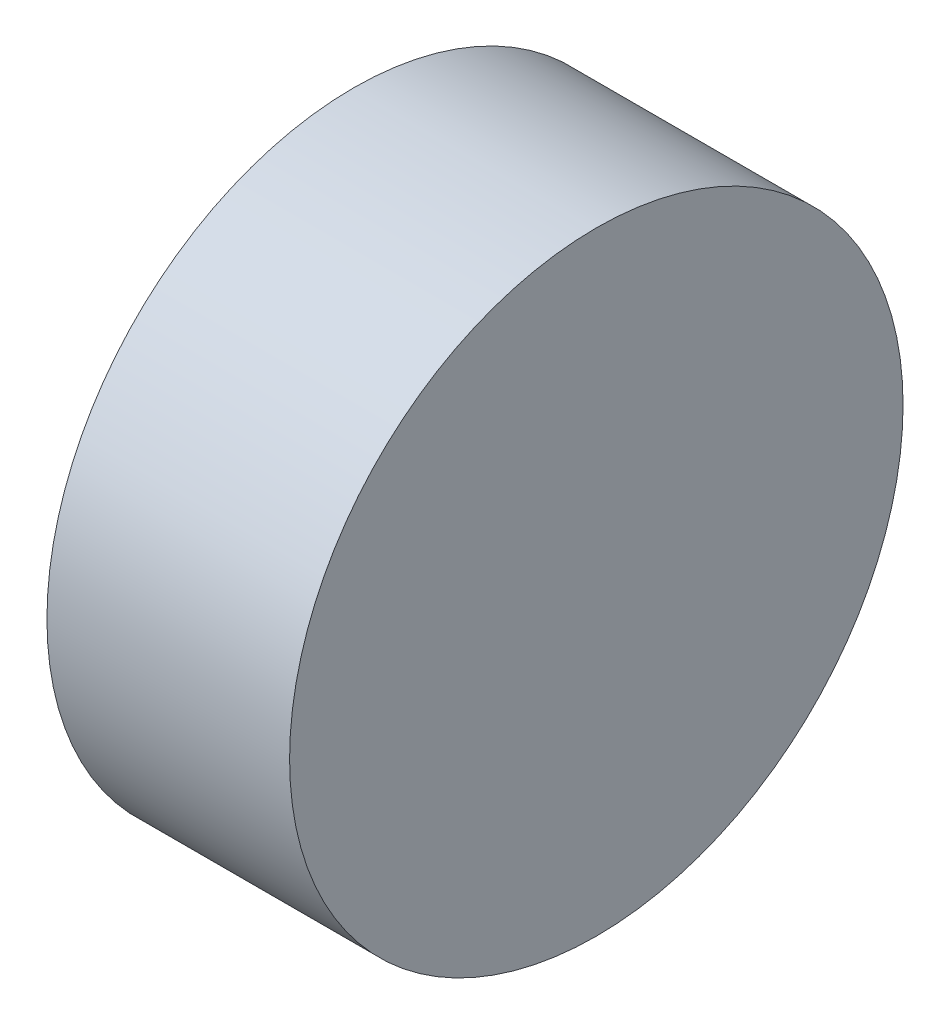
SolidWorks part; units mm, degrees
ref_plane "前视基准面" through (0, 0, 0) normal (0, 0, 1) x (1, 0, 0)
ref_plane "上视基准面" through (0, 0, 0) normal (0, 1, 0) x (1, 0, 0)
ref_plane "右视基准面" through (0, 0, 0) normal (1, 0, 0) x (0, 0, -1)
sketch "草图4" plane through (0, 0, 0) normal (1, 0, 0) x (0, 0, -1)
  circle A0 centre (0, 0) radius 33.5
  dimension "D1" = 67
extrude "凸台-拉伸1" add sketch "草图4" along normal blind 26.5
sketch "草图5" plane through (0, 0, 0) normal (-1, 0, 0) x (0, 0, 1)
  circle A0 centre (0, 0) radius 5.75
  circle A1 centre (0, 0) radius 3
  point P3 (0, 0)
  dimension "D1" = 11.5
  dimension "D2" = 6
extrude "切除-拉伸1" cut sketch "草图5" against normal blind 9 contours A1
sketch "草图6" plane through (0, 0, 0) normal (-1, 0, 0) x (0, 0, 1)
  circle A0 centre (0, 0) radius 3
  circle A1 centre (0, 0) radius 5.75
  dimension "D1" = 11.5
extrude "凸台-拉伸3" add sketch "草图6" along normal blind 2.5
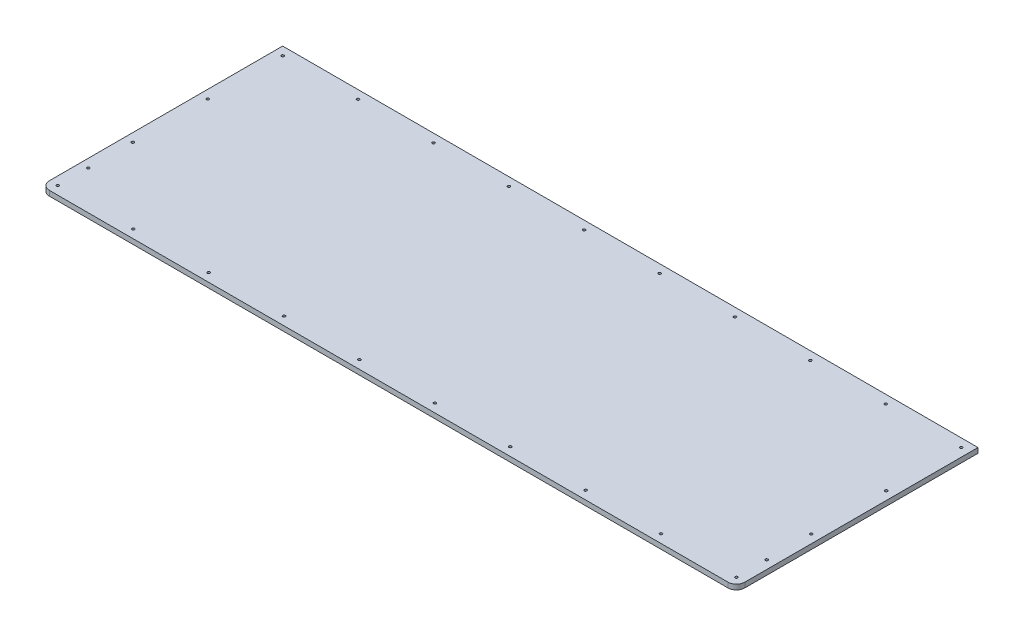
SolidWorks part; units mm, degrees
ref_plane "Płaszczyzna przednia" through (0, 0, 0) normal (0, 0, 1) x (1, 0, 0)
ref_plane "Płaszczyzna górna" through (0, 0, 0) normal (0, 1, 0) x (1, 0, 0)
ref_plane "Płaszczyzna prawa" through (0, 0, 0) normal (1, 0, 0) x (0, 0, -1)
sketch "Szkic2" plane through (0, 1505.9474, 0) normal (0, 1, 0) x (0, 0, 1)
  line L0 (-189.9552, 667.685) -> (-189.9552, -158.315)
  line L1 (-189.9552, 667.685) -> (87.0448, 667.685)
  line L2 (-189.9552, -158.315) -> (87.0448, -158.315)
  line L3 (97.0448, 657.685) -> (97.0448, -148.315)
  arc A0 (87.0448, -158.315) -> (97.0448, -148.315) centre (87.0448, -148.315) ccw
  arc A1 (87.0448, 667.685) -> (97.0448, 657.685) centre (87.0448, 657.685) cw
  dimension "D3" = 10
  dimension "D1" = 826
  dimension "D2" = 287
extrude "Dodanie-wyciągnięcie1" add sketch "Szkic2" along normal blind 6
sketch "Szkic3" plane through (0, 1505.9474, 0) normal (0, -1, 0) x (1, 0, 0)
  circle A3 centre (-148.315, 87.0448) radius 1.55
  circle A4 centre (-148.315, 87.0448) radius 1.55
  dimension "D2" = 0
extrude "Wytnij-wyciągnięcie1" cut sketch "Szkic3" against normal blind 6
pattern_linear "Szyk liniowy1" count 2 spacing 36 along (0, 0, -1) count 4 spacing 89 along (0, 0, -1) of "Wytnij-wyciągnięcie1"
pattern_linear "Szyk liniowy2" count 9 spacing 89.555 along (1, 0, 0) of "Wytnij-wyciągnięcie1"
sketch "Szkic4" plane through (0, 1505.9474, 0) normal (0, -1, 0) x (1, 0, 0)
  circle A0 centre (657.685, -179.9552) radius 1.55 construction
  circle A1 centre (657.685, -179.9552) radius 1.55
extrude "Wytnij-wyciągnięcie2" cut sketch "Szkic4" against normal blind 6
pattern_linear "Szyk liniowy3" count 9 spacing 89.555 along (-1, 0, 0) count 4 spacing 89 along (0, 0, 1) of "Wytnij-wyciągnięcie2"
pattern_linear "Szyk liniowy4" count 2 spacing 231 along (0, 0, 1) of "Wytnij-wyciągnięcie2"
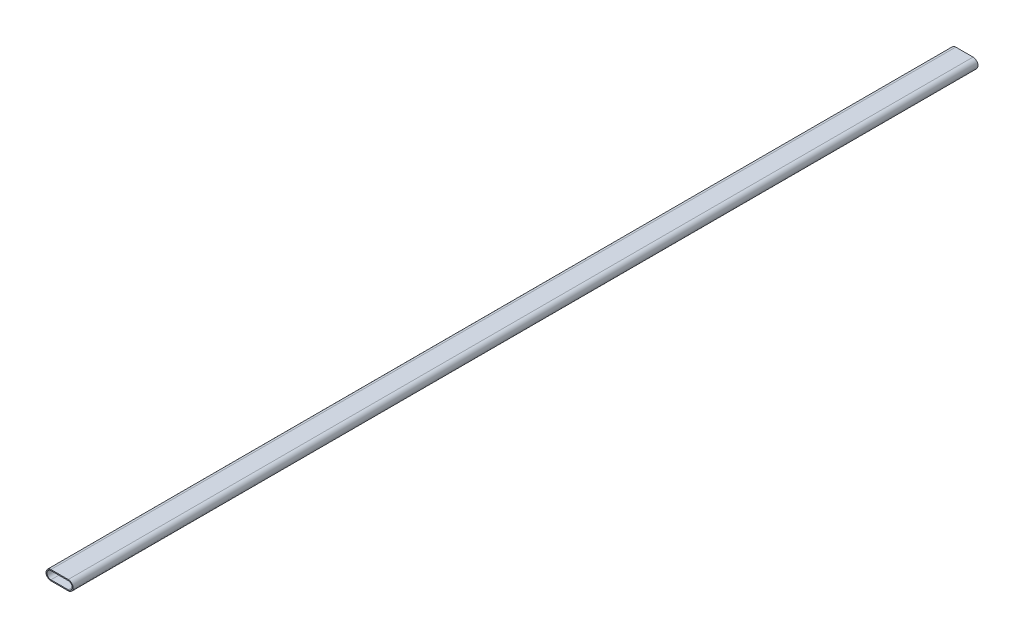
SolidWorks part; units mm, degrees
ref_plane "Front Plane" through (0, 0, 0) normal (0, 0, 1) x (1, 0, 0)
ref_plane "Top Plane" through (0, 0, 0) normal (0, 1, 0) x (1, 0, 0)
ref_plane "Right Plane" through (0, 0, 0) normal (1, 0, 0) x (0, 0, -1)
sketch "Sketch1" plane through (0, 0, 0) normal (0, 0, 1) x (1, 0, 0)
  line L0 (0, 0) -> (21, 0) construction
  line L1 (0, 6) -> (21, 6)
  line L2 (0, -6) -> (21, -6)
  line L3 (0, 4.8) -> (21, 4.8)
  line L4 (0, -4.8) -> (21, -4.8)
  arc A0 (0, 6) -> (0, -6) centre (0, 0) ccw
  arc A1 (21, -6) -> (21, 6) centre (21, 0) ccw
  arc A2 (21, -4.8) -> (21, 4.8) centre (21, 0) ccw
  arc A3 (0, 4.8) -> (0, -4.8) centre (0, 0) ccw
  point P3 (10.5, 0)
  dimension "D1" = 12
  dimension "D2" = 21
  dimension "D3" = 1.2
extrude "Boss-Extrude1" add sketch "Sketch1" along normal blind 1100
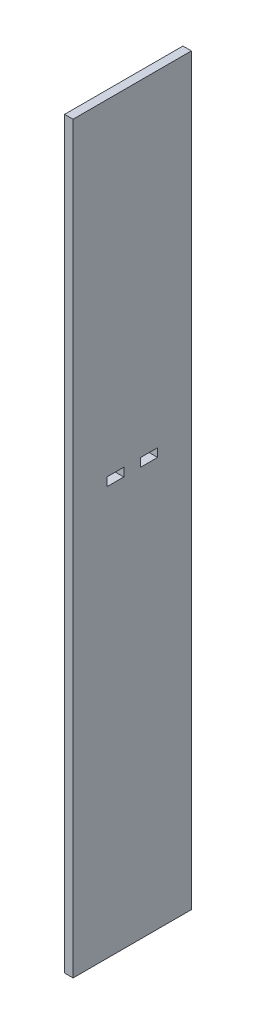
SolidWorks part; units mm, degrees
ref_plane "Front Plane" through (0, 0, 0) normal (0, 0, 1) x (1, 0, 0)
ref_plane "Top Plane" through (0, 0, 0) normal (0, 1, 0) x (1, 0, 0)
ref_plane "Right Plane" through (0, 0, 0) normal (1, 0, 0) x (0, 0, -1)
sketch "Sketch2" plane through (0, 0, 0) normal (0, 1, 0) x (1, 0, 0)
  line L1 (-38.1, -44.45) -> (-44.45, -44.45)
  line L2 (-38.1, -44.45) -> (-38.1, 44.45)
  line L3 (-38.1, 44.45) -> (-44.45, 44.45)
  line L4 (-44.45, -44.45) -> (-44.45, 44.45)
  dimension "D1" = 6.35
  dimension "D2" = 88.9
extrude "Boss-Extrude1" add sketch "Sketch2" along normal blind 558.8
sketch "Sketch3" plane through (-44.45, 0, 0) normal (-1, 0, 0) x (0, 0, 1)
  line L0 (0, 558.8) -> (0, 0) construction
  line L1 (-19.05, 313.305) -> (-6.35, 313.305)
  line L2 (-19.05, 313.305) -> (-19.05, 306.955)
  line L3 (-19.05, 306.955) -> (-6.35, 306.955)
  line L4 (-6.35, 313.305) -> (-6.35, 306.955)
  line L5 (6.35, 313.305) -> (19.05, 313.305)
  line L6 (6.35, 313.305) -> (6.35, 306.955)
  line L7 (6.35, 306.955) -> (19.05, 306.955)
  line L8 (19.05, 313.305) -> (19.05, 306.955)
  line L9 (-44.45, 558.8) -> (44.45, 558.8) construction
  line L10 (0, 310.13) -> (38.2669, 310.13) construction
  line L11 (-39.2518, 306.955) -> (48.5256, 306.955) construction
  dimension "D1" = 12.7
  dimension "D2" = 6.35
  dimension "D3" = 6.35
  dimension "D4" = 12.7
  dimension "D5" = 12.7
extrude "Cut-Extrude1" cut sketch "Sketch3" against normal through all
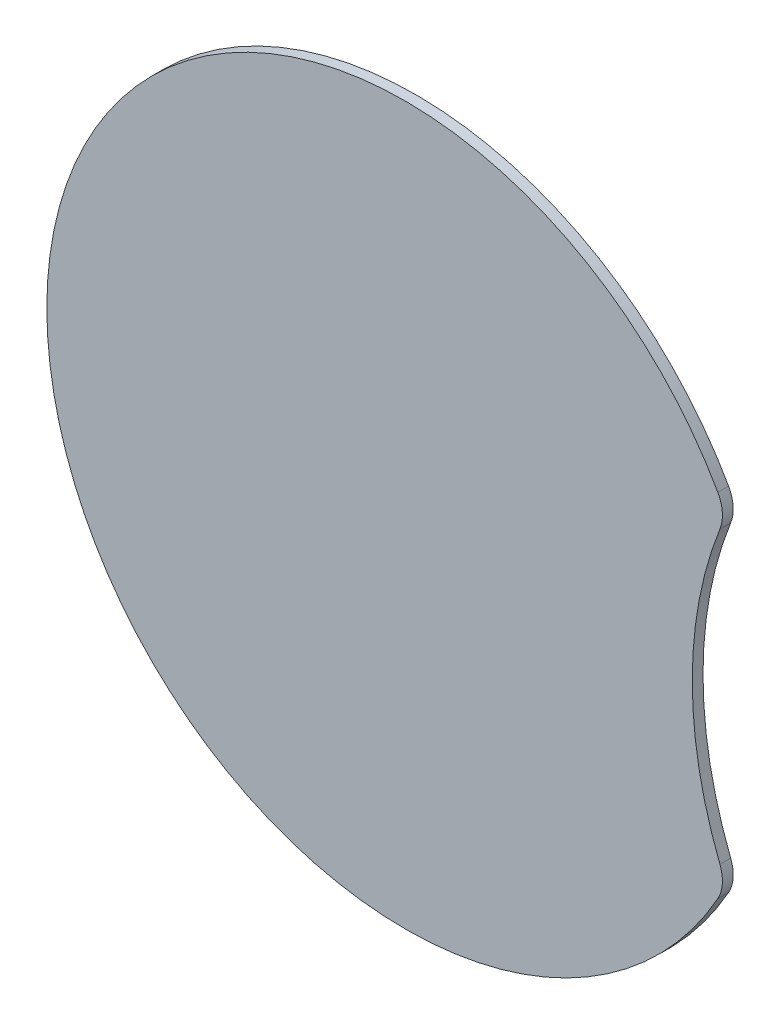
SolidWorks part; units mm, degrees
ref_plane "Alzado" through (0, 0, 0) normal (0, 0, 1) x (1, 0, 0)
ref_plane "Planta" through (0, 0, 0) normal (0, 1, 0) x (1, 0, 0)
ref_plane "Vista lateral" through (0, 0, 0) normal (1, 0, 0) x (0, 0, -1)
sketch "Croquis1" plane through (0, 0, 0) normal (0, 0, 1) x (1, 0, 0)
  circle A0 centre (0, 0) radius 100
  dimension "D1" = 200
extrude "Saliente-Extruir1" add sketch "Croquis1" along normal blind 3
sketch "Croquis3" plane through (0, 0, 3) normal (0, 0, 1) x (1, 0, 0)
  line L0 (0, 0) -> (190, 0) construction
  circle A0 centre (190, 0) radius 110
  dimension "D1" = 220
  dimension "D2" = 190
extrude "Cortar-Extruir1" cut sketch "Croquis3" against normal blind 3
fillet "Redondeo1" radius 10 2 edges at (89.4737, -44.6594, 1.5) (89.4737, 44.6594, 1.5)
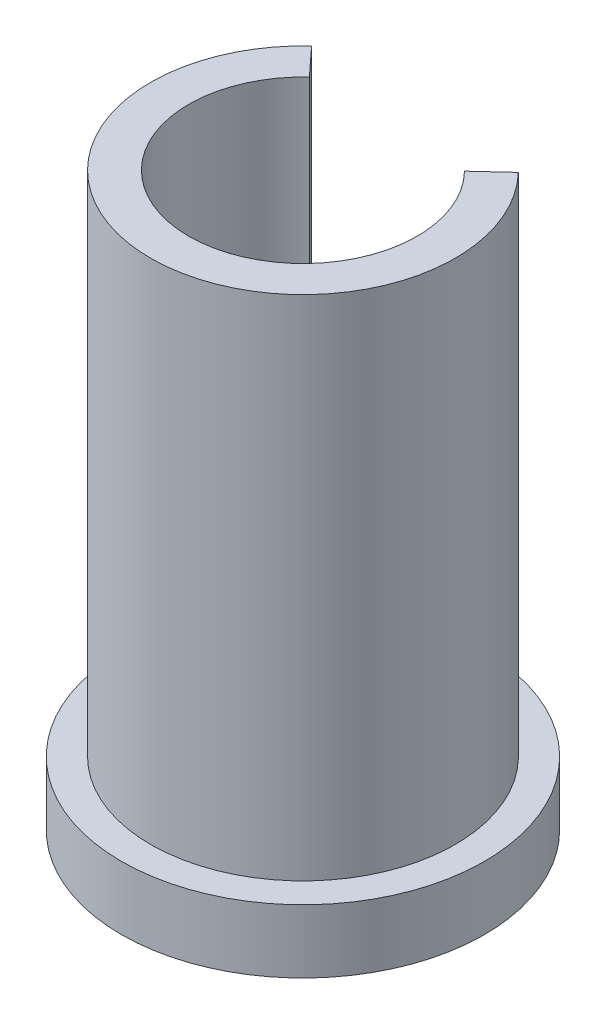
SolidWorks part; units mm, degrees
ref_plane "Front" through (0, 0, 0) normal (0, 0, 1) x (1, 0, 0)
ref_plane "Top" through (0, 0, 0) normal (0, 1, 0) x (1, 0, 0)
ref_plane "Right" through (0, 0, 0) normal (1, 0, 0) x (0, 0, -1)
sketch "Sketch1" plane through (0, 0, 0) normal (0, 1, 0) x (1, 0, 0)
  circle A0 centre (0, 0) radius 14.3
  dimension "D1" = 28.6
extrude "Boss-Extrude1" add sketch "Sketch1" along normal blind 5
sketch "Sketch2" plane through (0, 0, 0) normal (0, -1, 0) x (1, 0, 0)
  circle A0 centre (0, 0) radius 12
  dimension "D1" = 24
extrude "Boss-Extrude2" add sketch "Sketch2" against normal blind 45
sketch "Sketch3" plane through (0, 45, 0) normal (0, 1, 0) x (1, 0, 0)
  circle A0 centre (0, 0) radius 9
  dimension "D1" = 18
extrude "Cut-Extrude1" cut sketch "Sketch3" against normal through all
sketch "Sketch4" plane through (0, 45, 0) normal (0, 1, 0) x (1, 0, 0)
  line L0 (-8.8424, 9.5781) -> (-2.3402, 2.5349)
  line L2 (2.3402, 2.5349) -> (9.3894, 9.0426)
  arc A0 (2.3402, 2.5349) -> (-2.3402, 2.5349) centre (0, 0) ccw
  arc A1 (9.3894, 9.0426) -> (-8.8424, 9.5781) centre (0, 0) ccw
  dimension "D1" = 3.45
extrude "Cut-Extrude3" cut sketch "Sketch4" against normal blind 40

++++++++++++++++++++

State the number of lines in the records above that contain the string "along", and give nothing else.

11